(Stored entries)

▬▬▬▬▬▬

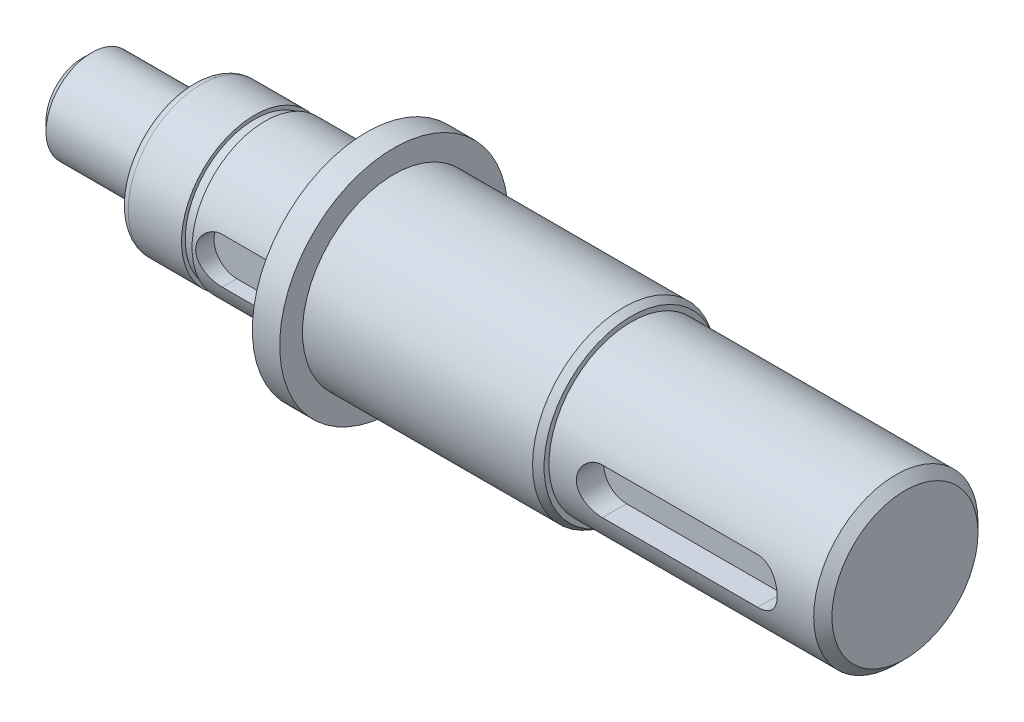
ISO-10303-21;
HEADER;
FILE_DESCRIPTION(('STEP AP214'),'2;1');
FILE_NAME('part.step','',(''),(''),'','','');
FILE_SCHEMA(('AUTOMOTIVE_DESIGN { 1 0 10303 214 1 1 1 1 }'));
ENDSEC;
DATA;
#1=APPLICATION_CONTEXT('core data for automotive mechanical design processes');
#2=APPLICATION_PROTOCOL_DEFINITION('international standard','automotive_design',2000,#1);
#3=PRODUCT_CONTEXT('',#1,'mechanical');
#4=PRODUCT('Part','Part','',(#3));
#5=PRODUCT_RELATED_PRODUCT_CATEGORY('part','',(#4));
#6=PRODUCT_DEFINITION_FORMATION('','',#4);
#7=PRODUCT_DEFINITION_CONTEXT('part definition',#1,'design');
#8=PRODUCT_DEFINITION('design','',#6,#7);
#9=PRODUCT_DEFINITION_SHAPE('','',#8);
#10=(LENGTH_UNIT() NAMED_UNIT(*) SI_UNIT(.MILLI.,.METRE.));
#11=(NAMED_UNIT(*) PLANE_ANGLE_UNIT() SI_UNIT($,.RADIAN.));
#12=(NAMED_UNIT(*) SI_UNIT($,.STERADIAN.) SOLID_ANGLE_UNIT());
#13=UNCERTAINTY_MEASURE_WITH_UNIT(LENGTH_MEASURE(1.E-05),#10,'distance_accuracy_value','');
#14=(GEOMETRIC_REPRESENTATION_CONTEXT(3) GLOBAL_UNCERTAINTY_ASSIGNED_CONTEXT((#13)) GLOBAL_UNIT_ASSIGNED_CONTEXT((#10,
#11,#12)) REPRESENTATION_CONTEXT('',''));
#15=CARTESIAN_POINT('',(0.,0.,0.));
#16=DIRECTION('',(0.,0.,1.));
#17=DIRECTION('',(1.,0.,0.));
#18=AXIS2_PLACEMENT_3D('',#15,#16,#17);
#19=CARTESIAN_POINT('',(-46.1,20.052,4.166614592372));
#20=DIRECTION('',(1.,0.,0.));
#21=DIRECTION('',(0.,-1.,0.));
#22=AXIS2_PLACEMENT_3D('',#19,#20,#21);
#23=PLANE('',#22);
#24=CARTESIAN_POINT('',(-46.1,15.892,0.));
#25=DIRECTION('',(1.,0.,0.));
#26=DIRECTION('',(0.,0.,-1.));
#27=AXIS2_PLACEMENT_3D('',#24,#25,#26);
#28=CIRCLE('',#27,3.99993093969182);
#29=CARTESIAN_POINT('',(-46.1,15.892,-3.99993093969182));
#30=VERTEX_POINT('',#29);
#31=EDGE_CURVE('E284',#30,#30,#28,.F.);
#32=ORIENTED_EDGE('',*,*,#31,.T.);
#33=EDGE_LOOP('',(#32));
#34=FACE_BOUND('',#33,.T.);
#35=ADVANCED_FACE('F17',(#34),#23,.F.);
#36=CARTESIAN_POINT('',(-46.1060096485574,15.892,0.));
#37=DIRECTION('',(1.,0.,0.));
#38=DIRECTION('',(0.,0.,-1.));
#39=AXIS2_PLACEMENT_3D('',#36,#37,#38);
#40=CONICAL_SURFACE('',#39,3.99392139489148,0.785389530779604);
#41=CARTESIAN_POINT('',(-45.0999136731147,15.892,0.));
#42=DIRECTION('',(1.,0.,0.));
#43=DIRECTION('',(0.,0.,-1.));
#44=AXIS2_PLACEMENT_3D('',#41,#42,#43);
#45=CIRCLE('',#44,5.);
#46=CARTESIAN_POINT('',(-45.0999136731147,15.892,-5.));
#47=VERTEX_POINT('',#46);
#48=EDGE_CURVE('E281',#47,#47,#45,.F.);
#49=ORIENTED_EDGE('',*,*,#48,.T.);
#50=EDGE_LOOP('',(#49));
#51=FACE_BOUND('',#50,.T.);
#52=ORIENTED_EDGE('',*,*,#31,.F.);
#53=EDGE_LOOP('',(#52));
#54=FACE_BOUND('',#53,.T.);
#55=ADVANCED_FACE('F610',(#51,#54),#40,.T.);
#56=CARTESIAN_POINT('',(-45.1660314850651,15.892,0.));
#57=DIRECTION('',(1.,0.,0.));
#58=DIRECTION('',(0.,0.,-1.));
#59=AXIS2_PLACEMENT_3D('',#56,#57,#58);
#60=CYLINDRICAL_SURFACE('',#59,5.);
#61=CARTESIAN_POINT('',(-34.1000000000029,15.892,0.));
#62=DIRECTION('',(1.,0.,0.));
#63=DIRECTION('',(0.,0.,-1.));
#64=AXIS2_PLACEMENT_3D('',#61,#62,#63);
#65=CIRCLE('',#64,5.);
#66=CARTESIAN_POINT('',(-34.1000000000029,15.892,-5.));
#67=VERTEX_POINT('',#66);
#68=EDGE_CURVE('E277',#67,#67,#65,.F.);
#69=ORIENTED_EDGE('',*,*,#68,.T.);
#70=EDGE_LOOP('',(#69));
#71=FACE_BOUND('',#70,.T.);
#72=ORIENTED_EDGE('',*,*,#48,.F.);
#73=EDGE_LOOP('',(#72));
#74=FACE_BOUND('',#73,.T.);
#75=ADVANCED_FACE('F312',(#71,#74),#60,.T.);
#76=CARTESIAN_POINT('',(-34.1,23.172,7.289055234136));
#77=DIRECTION('',(1.,0.,0.));
#78=DIRECTION('',(0.,-1.,0.));
#79=AXIS2_PLACEMENT_3D('',#76,#77,#78);
#80=PLANE('',#79);
#81=ORIENTED_EDGE('',*,*,#68,.F.);
#82=EDGE_LOOP('',(#81));
#83=FACE_BOUND('',#82,.T.);
#84=CARTESIAN_POINT('',(-34.1,15.892,0.));
#85=DIRECTION('',(1.,0.,0.));
#86=DIRECTION('',(0.,-1.,-3.17218194916288E-13));
#87=AXIS2_PLACEMENT_3D('',#84,#85,#86);
#88=CIRCLE('',#87,6.99999999999759);
#89=CARTESIAN_POINT('',(-34.1,22.891999999999,9.57036668880821E-10));
#90=VERTEX_POINT('',#89);
#91=CARTESIAN_POINT('',(-34.1,8.89200000000105,-3.19891899427937E-10));
#92=VERTEX_POINT('',#91);
#93=EDGE_CURVE('E100',#90,#92,#88,.F.);
#94=ORIENTED_EDGE('',*,*,#93,.T.);
#95=CARTESIAN_POINT('',(-34.1,15.892,0.));
#96=DIRECTION('',(1.,0.,0.));
#97=DIRECTION('',(0.,1.,2.27869295233494E-10));
#98=AXIS2_PLACEMENT_3D('',#95,#96,#97);
#99=CIRCLE('',#98,6.99999999999958);
#100=EDGE_CURVE('E280',#92,#90,#99,.F.);
#101=ORIENTED_EDGE('',*,*,#100,.T.);
#102=EDGE_LOOP('',(#94,#101));
#103=FACE_BOUND('',#102,.T.);
#104=ADVANCED_FACE('F311',(#83,#103),#80,.F.);
#105=CARTESIAN_POINT('',(-33.1,15.892,0.));
#106=DIRECTION('',(1.,0.,0.));
#107=DIRECTION('',(0.,0.999626843304634,0.0273161883287667));
#108=AXIS2_PLACEMENT_3D('',#105,#106,#107);
#109=TOROIDAL_SURFACE('',#108,6.99999999999756,1.);
#110=CARTESIAN_POINT('',(-33.1,15.892,0.));
#111=DIRECTION('',(1.,0.,0.));
#112=DIRECTION('',(0.,-1.,0.));
#113=AXIS2_PLACEMENT_3D('',#110,#111,#112);
#114=CIRCLE('',#113,8.);
#115=CARTESIAN_POINT('',(-33.1,7.892,0.));
#116=VERTEX_POINT('',#115);
#117=EDGE_CURVE('E276',#116,#116,#114,.F.);
#118=ORIENTED_EDGE('',*,*,#117,.T.);
#119=EDGE_LOOP('',(#118));
#120=FACE_BOUND('',#119,.T.);
#121=ORIENTED_EDGE('',*,*,#100,.F.);
#122=ORIENTED_EDGE('',*,*,#93,.F.);
#123=EDGE_LOOP('',(#121,#122));
#124=FACE_BOUND('',#123,.T.);
#125=ADVANCED_FACE('F295',(#120,#124),#109,.T.);
#126=CARTESIAN_POINT('',(-33.1,15.892,0.));
#127=DIRECTION('',(1.,0.,0.));
#128=DIRECTION('',(0.,0.,-1.));
#129=AXIS2_PLACEMENT_3D('',#126,#127,#128);
#130=CYLINDRICAL_SURFACE('',#129,8.);
#131=CARTESIAN_POINT('',(-27.25,15.892,0.));
#132=DIRECTION('',(1.,0.,0.));
#133=DIRECTION('',(0.,0.,-1.));
#134=AXIS2_PLACEMENT_3D('',#131,#132,#133);
#135=CIRCLE('',#134,8.);
#136=CARTESIAN_POINT('',(-27.25,15.892,-8.));
#137=VERTEX_POINT('',#136);
#138=EDGE_CURVE('E273',#137,#137,#135,.T.);
#139=ORIENTED_EDGE('',*,*,#138,.F.);
#140=EDGE_LOOP('',(#139));
#141=FACE_BOUND('',#140,.T.);
#142=ORIENTED_EDGE('',*,*,#117,.F.);
#143=EDGE_LOOP('',(#142));
#144=FACE_BOUND('',#143,.T.);
#145=ADVANCED_FACE('F310',(#141,#144),#130,.T.);
#146=CARTESIAN_POINT('',(-27.25,24.212,8.32));
#147=DIRECTION('',(1.,0.,0.));
#148=DIRECTION('',(0.,-1.,0.));
#149=AXIS2_PLACEMENT_3D('',#146,#147,#148);
#150=PLANE('',#149);
#151=CARTESIAN_POINT('',(-27.2499999999977,15.892,0.));
#152=DIRECTION('',(1.,0.,0.));
#153=DIRECTION('',(0.,0.,-1.));
#154=AXIS2_PLACEMENT_3D('',#151,#152,#153);
#155=CIRCLE('',#154,7.6);
#156=CARTESIAN_POINT('',(-27.2499999999977,15.892,-7.6));
#157=VERTEX_POINT('',#156);
#158=EDGE_CURVE('E270',#157,#157,#155,.F.);
#159=ORIENTED_EDGE('',*,*,#158,.T.);
#160=EDGE_LOOP('',(#159));
#161=FACE_BOUND('',#160,.T.);
#162=ORIENTED_EDGE('',*,*,#138,.T.);
#163=EDGE_LOOP('',(#162));
#164=FACE_BOUND('',#163,.T.);
#165=ADVANCED_FACE('F335',(#161,#164),#150,.T.);
#166=CARTESIAN_POINT('',(-27.2499999999977,15.892,0.));
#167=DIRECTION('',(1.,0.,0.));
#168=DIRECTION('',(0.,0.,-1.));
#169=AXIS2_PLACEMENT_3D('',#166,#167,#168);
#170=CYLINDRICAL_SURFACE('',#169,7.6);
#171=CARTESIAN_POINT('',(-26.1000000000023,15.892,0.));
#172=DIRECTION('',(1.,0.,0.));
#173=DIRECTION('',(0.,0.,-1.));
#174=AXIS2_PLACEMENT_3D('',#171,#172,#173);
#175=CIRCLE('',#174,7.6);
#176=CARTESIAN_POINT('',(-26.1000000000023,15.892,-7.6));
#177=VERTEX_POINT('',#176);
#178=EDGE_CURVE('E263',#177,#177,#175,.F.);
#179=ORIENTED_EDGE('',*,*,#178,.T.);
#180=EDGE_LOOP('',(#179));
#181=FACE_BOUND('',#180,.T.);
#182=ORIENTED_EDGE('',*,*,#158,.F.);
#183=EDGE_LOOP('',(#182));
#184=FACE_BOUND('',#183,.T.);
#185=ADVANCED_FACE('F339',(#181,#184),#170,.T.);
#186=CARTESIAN_POINT('',(-27.00141579005,13.27192889347,6.));
#187=DIRECTION('',(0.,0.,1.));
#188=DIRECTION('',(1.,0.,0.));
#189=AXIS2_PLACEMENT_3D('',#186,#187,#188);
#190=PLANE('',#189);
#191=CARTESIAN_POINT('',(-17.9,15.892,5.99999999999976));
#192=DIRECTION('',(0.,0.,1.));
#193=DIRECTION('',(0.,-1.,0.));
#194=AXIS2_PLACEMENT_3D('',#191,#192,#193);
#195=CIRCLE('',#194,2.5);
#196=CARTESIAN_POINT('',(-17.8999999999994,18.392,5.99999999999979));
#197=VERTEX_POINT('',#196);
#198=CARTESIAN_POINT('',(-17.8999999999996,13.392,5.99999999999979));
#199=VERTEX_POINT('',#198);
#200=EDGE_CURVE('E259',#197,#199,#195,.F.);
#201=ORIENTED_EDGE('',*,*,#200,.F.);
#202=DIRECTION('',(-1.,0.,0.));
#203=VECTOR('',#202,1.);
#204=CARTESIAN_POINT('',(-20.55,18.392,5.99999999999981));
#205=LINE('',#204,#203);
#206=CARTESIAN_POINT('',(-23.1999999999986,18.392,5.9999999999998));
#207=VERTEX_POINT('',#206);
#208=EDGE_CURVE('E266',#197,#207,#205,.T.);
#209=ORIENTED_EDGE('',*,*,#208,.T.);
#210=CARTESIAN_POINT('',(-23.2,15.892,5.99999999999979));
#211=DIRECTION('',(0.,0.,1.));
#212=DIRECTION('',(1.,0.,0.));
#213=AXIS2_PLACEMENT_3D('',#210,#211,#212);
#214=CIRCLE('',#213,2.5);
#215=CARTESIAN_POINT('',(-23.1999999999987,13.392,5.9999999999998));
#216=VERTEX_POINT('',#215);
#217=EDGE_CURVE('E93',#216,#207,#214,.F.);
#218=ORIENTED_EDGE('',*,*,#217,.F.);
#219=DIRECTION('',(1.,0.,0.));
#220=VECTOR('',#219,1.);
#221=CARTESIAN_POINT('',(-20.55,13.392,5.99999999999981));
#222=LINE('',#221,#220);
#223=EDGE_CURVE('E267',#216,#199,#222,.T.);
#224=ORIENTED_EDGE('',*,*,#223,.T.);
#225=EDGE_LOOP('',(#201,#209,#218,#224));
#226=FACE_BOUND('',#225,.T.);
#227=ADVANCED_FACE('F341',(#226),#190,.T.);
#228=CARTESIAN_POINT('',(-23.2,15.892,5.99999999999979));
#229=DIRECTION('',(0.,0.,1.));
#230=DIRECTION('',(1.,0.,0.));
#231=AXIS2_PLACEMENT_3D('',#228,#229,#230);
#232=CYLINDRICAL_SURFACE('',#231,2.5);
#233=ORIENTED_EDGE('',*,*,#217,.T.);
#234=DIRECTION('',(0.,0.,1.));
#235=VECTOR('',#234,1.);
#236=CARTESIAN_POINT('',(-23.1999999999971,18.392,6.7996710383925));
#237=LINE('',#236,#235);
#238=CARTESIAN_POINT('',(-23.1999999999986,18.3920000000008,7.59934207678505));
#239=VERTEX_POINT('',#238);
#240=EDGE_CURVE('E641',#207,#239,#237,.T.);
#241=ORIENTED_EDGE('',*,*,#240,.T.);
#242=CARTESIAN_POINT('',(-23.1999999999991,18.392,7.59934207678533));
#243=CARTESIAN_POINT('',(-23.268466040457,18.3920087198661,7.59933203220922));
#244=CARTESIAN_POINT('',(-23.3369263800278,18.3891876157067,7.60026710840751));
#245=CARTESIAN_POINT('',(-23.4733214902587,18.3779536316015,7.60395280971294));
#246=CARTESIAN_POINT('',(-23.541256383595,18.369542099326,7.60670299725463));
#247=CARTESIAN_POINT('',(-23.675938990515,18.3472250498683,7.61393458112739));
#248=CARTESIAN_POINT('',(-23.7426894002958,18.3333343337494,7.6184113127803));
#249=CARTESIAN_POINT('',(-23.8747019778926,18.3001974202135,7.62895048428862));
#250=CARTESIAN_POINT('',(-23.9399641014081,18.2809510636041,7.63501297127909));
#251=CARTESIAN_POINT('',(-24.132787776406,18.2154218181209,7.65531370854744));
#252=CARTESIAN_POINT('',(-24.2575680580731,18.1613183478365,7.67167572075663));
#253=CARTESIAN_POINT('',(-24.4962875697815,18.0339585337533,7.70820192005291));
#254=CARTESIAN_POINT('',(-24.6102211254839,17.96069223943,7.72836808096848));
#255=CARTESIAN_POINT('',(-24.8279499761722,17.794394884502,7.77100200100192));
#256=CARTESIAN_POINT('',(-24.9313222643879,17.700822206298,7.79352168290418));
#257=CARTESIAN_POINT('',(-25.121190817295,17.4977272795654,7.83788426191883));
#258=CARTESIAN_POINT('',(-25.2076841783887,17.3882022924899,7.85972704204449));
#259=CARTESIAN_POINT('',(-25.3632232640836,17.1532495377186,7.90087147079035));
#260=CARTESIAN_POINT('',(-25.4318300473664,17.0275180788054,7.92010445950419));
#261=CARTESIAN_POINT('',(-25.5467540849779,16.7656029603361,7.95325160259874));
#262=CARTESIAN_POINT('',(-25.5930774702847,16.6294221877389,7.96716721976599));
#263=CARTESIAN_POINT('',(-25.6607018859891,16.354930099013,7.98774341182987));
#264=CARTESIAN_POINT('',(-25.6827310447468,16.2168142475096,7.99461464054533));
#265=CARTESIAN_POINT('',(-25.7034487255046,15.9386844774618,8.00107192504111));
#266=CARTESIAN_POINT('',(-25.7021420799053,15.7986709578888,8.00065948912981));
#267=CARTESIAN_POINT('',(-25.6767033454027,15.5258502685509,7.99274230032519));
#268=CARTESIAN_POINT('',(-25.6533609718519,15.3929612040198,7.98548293529428));
#269=CARTESIAN_POINT('',(-25.5858095044392,15.1330924132136,7.96498949974393));
#270=CARTESIAN_POINT('',(-25.5415992887317,15.0061130050421,7.95175510801149));
#271=CARTESIAN_POINT('',(-25.4330593669408,14.7598431445353,7.92046911120723));
#272=CARTESIAN_POINT('',(-25.3684898247105,14.6406659405492,7.90236047968));
#273=CARTESIAN_POINT('',(-25.2212568035245,14.4145938380772,7.86323423851875));
#274=CARTESIAN_POINT('',(-25.1385889392499,14.3077019259718,7.84221592430786));
#275=CARTESIAN_POINT('',(-24.9534618636045,14.104534133926,7.79847545376818));
#276=CARTESIAN_POINT('',(-24.8503225922691,14.0088845641417,7.77571879037668));
#277=CARTESIAN_POINT('',(-24.6292296898957,13.8360346115086,7.7318162261217));
#278=CARTESIAN_POINT('',(-24.5112716111507,13.7588397879334,7.71067081193149));
#279=CARTESIAN_POINT('',(-24.2620970568147,13.6243507400244,7.67220528704834));
#280=CARTESIAN_POINT('',(-24.130741698535,13.5672997270673,7.65493278862487));
#281=CARTESIAN_POINT('',(-23.8596881269535,13.4763908777028,7.62673815128791));
#282=CARTESIAN_POINT('',(-23.7200031693129,13.4424972061721,7.61580620458638));
#283=CARTESIAN_POINT('',(-23.5158248989925,13.4112165686691,7.60564225124822));
#284=CARTESIAN_POINT('',(-23.4528550630587,13.4040119274096,7.60328541577439));
#285=CARTESIAN_POINT('',(-23.3266010066542,13.3944075529522,7.60013482131107));
#286=CARTESIAN_POINT('',(-23.2633173572024,13.3920010344104,7.59933885501905));
#287=CARTESIAN_POINT('',(-23.1999999999996,13.392,7.59934207678533));
#288=B_SPLINE_CURVE_WITH_KNOTS('',3,(#242,#243,#244,#245,#246,#247,#248,#249,#250,#251,#252,
#253,#254,#255,#256,#257,#258,#259,#260,#261,#262,#263,#264,#265,#266,#267,#268,#269,#270,#271,
#272,#273,#274,#275,#276,#277,#278,#279,#280,#281,#282,#283,#284,#285,#286,#287),.UNSPECIFIED.,
.F.,.F.,(4,2,2,2,2,2,2,2,2,2,2,2,2,2,2,2,2,2,2,2,2,2,4),(0.,0.205323959879018,0.410598440771324,
0.615322164613738,0.820051974362681,1.22896577749252,1.63809233699269,2.05988351400973,
2.48174718582279,2.91315381297349,3.34444167638904,3.76241894392413,4.18030965733322,
4.58377069824367,4.98725343150322,5.39567896994651,5.80420358180202,6.22971654236821,
6.6553575226075,7.0859747210148,7.51592403685468,7.70602799872379,7.89586293072618),.UNSPECIFIED.);
#289=CARTESIAN_POINT('',(-23.1999999999985,13.392,7.59934207678531));
#290=VERTEX_POINT('',#289);
#291=EDGE_CURVE('E253',#239,#290,#288,.T.);
#292=ORIENTED_EDGE('',*,*,#291,.T.);
#293=DIRECTION('',(0.,0.,-1.));
#294=VECTOR('',#293,1.);
#295=CARTESIAN_POINT('',(-23.1999999999973,13.392,6.7996710383925));
#296=LINE('',#295,#294);
#297=EDGE_CURVE('E269',#290,#216,#296,.T.);
#298=ORIENTED_EDGE('',*,*,#297,.T.);
#299=EDGE_LOOP('',(#233,#241,#292,#298));
#300=FACE_BOUND('',#299,.T.);
#301=ADVANCED_FACE('F239',(#300),#232,.F.);
#302=CARTESIAN_POINT('',(-23.32007110653,13.392,5.879928893467));
#303=DIRECTION('',(0.,-1.,0.));
#304=DIRECTION('',(1.,0.,0.));
#305=AXIS2_PLACEMENT_3D('',#302,#303,#304);
#306=PLANE('',#305);
#307=ORIENTED_EDGE('',*,*,#223,.F.);
#308=ORIENTED_EDGE('',*,*,#297,.F.);
#309=DIRECTION('',(1.,0.,0.));
#310=VECTOR('',#309,1.);
#311=CARTESIAN_POINT('',(-24.8,13.392,7.59934207678529));
#312=LINE('',#311,#310);
#313=CARTESIAN_POINT('',(-17.8999999999996,13.392,7.59934207678531));
#314=VERTEX_POINT('',#313);
#315=EDGE_CURVE('E252',#290,#314,#312,.T.);
#316=ORIENTED_EDGE('',*,*,#315,.T.);
#317=DIRECTION('',(0.,0.,1.));
#318=VECTOR('',#317,1.);
#319=CARTESIAN_POINT('',(-17.8999999999992,13.392,7.240537065298));
#320=LINE('',#319,#318);
#321=EDGE_CURVE('E258',#199,#314,#320,.T.);
#322=ORIENTED_EDGE('',*,*,#321,.F.);
#323=EDGE_LOOP('',(#307,#308,#316,#322));
#324=FACE_BOUND('',#323,.T.);
#325=ADVANCED_FACE('F344',(#324),#306,.F.);
#326=CARTESIAN_POINT('',(-26.1,24.212,8.32));
#327=DIRECTION('',(1.,0.,0.));
#328=DIRECTION('',(0.,-1.,0.));
#329=AXIS2_PLACEMENT_3D('',#326,#327,#328);
#330=PLANE('',#329);
#331=ORIENTED_EDGE('',*,*,#178,.F.);
#332=EDGE_LOOP('',(#331));
#333=FACE_BOUND('',#332,.T.);
#334=CARTESIAN_POINT('',(-26.1000000000004,15.892,0.));
#335=DIRECTION('',(1.,0.,0.));
#336=DIRECTION('',(0.,0.,-1.));
#337=AXIS2_PLACEMENT_3D('',#334,#335,#336);
#338=CIRCLE('',#337,8.);
#339=CARTESIAN_POINT('',(-26.1000000000004,15.892,-8.));
#340=VERTEX_POINT('',#339);
#341=EDGE_CURVE('E251',#340,#340,#338,.F.);
#342=ORIENTED_EDGE('',*,*,#341,.T.);
#343=EDGE_LOOP('',(#342));
#344=FACE_BOUND('',#343,.T.);
#345=ADVANCED_FACE('F346',(#333,#344),#330,.F.);
#346=CARTESIAN_POINT('',(-17.77992889347,18.392,5.879928893467));
#347=DIRECTION('',(0.,1.,0.));
#348=DIRECTION('',(-1.,0.,0.));
#349=AXIS2_PLACEMENT_3D('',#346,#347,#348);
#350=PLANE('',#349);
#351=ORIENTED_EDGE('',*,*,#208,.F.);
#352=DIRECTION('',(0.,0.,-1.));
#353=VECTOR('',#352,1.);
#354=CARTESIAN_POINT('',(-17.8999999999988,18.392,7.240537065298));
#355=LINE('',#354,#353);
#356=CARTESIAN_POINT('',(-17.8999999999994,18.3920000000005,7.59934207678505));
#357=VERTEX_POINT('',#356);
#358=EDGE_CURVE('E262',#357,#197,#355,.T.);
#359=ORIENTED_EDGE('',*,*,#358,.F.);
#360=DIRECTION('',(-1.,0.,0.));
#361=VECTOR('',#360,1.);
#362=CARTESIAN_POINT('',(-24.8,18.3920000000017,7.59934207678477));
#363=LINE('',#362,#361);
#364=EDGE_CURVE('E219',#357,#239,#363,.T.);
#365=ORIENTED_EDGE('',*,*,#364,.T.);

▬▬▬▬▬▬

### [Exercise details]
Copy out only the lines above from the one with "#17=DIRECTION('',(1.,0.,0.));" to the one with "#59=AXIS2_PLACEMENT_3D('',#56,#57,#58);", inclusive, exactly as they stand.

### [Response for this exercise]
#17=DIRECTION('',(1.,0.,0.));
#18=AXIS2_PLACEMENT_3D('',#15,#16,#17);
#19=CARTESIAN_POINT('',(-46.1,20.052,4.166614592372));
#20=DIRECTION('',(1.,0.,0.));
#21=DIRECTION('',(0.,-1.,0.));
#22=AXIS2_PLACEMENT_3D('',#19,#20,#21);
#23=PLANE('',#22);
#24=CARTESIAN_POINT('',(-46.1,15.892,0.));
#25=DIRECTION('',(1.,0.,0.));
#26=DIRECTION('',(0.,0.,-1.));
#27=AXIS2_PLACEMENT_3D('',#24,#25,#26);
#28=CIRCLE('',#27,3.99993093969182);
#29=CARTESIAN_POINT('',(-46.1,15.892,-3.99993093969182));
#30=VERTEX_POINT('',#29);
#31=EDGE_CURVE('E284',#30,#30,#28,.F.);
#32=ORIENTED_EDGE('',*,*,#31,.T.);
#33=EDGE_LOOP('',(#32));
#34=FACE_BOUND('',#33,.T.);
#35=ADVANCED_FACE('F17',(#34),#23,.F.);
#36=CARTESIAN_POINT('',(-46.1060096485574,15.892,0.));
#37=DIRECTION('',(1.,0.,0.));
#38=DIRECTION('',(0.,0.,-1.));
#39=AXIS2_PLACEMENT_3D('',#36,#37,#38);
#40=CONICAL_SURFACE('',#39,3.99392139489148,0.785389530779604);
#41=CARTESIAN_POINT('',(-45.0999136731147,15.892,0.));
#42=DIRECTION('',(1.,0.,0.));
#43=DIRECTION('',(0.,0.,-1.));
#44=AXIS2_PLACEMENT_3D('',#41,#42,#43);
#45=CIRCLE('',#44,5.);
#46=CARTESIAN_POINT('',(-45.0999136731147,15.892,-5.));
#47=VERTEX_POINT('',#46);
#48=EDGE_CURVE('E281',#47,#47,#45,.F.);
#49=ORIENTED_EDGE('',*,*,#48,.T.);
#50=EDGE_LOOP('',(#49));
#51=FACE_BOUND('',#50,.T.);
#52=ORIENTED_EDGE('',*,*,#31,.F.);
#53=EDGE_LOOP('',(#52));
#54=FACE_BOUND('',#53,.T.);
#55=ADVANCED_FACE('F610',(#51,#54),#40,.T.);
#56=CARTESIAN_POINT('',(-45.1660314850651,15.892,0.));
#57=DIRECTION('',(1.,0.,0.));
#58=DIRECTION('',(0.,0.,-1.));
#59=AXIS2_PLACEMENT_3D('',#56,#57,#58);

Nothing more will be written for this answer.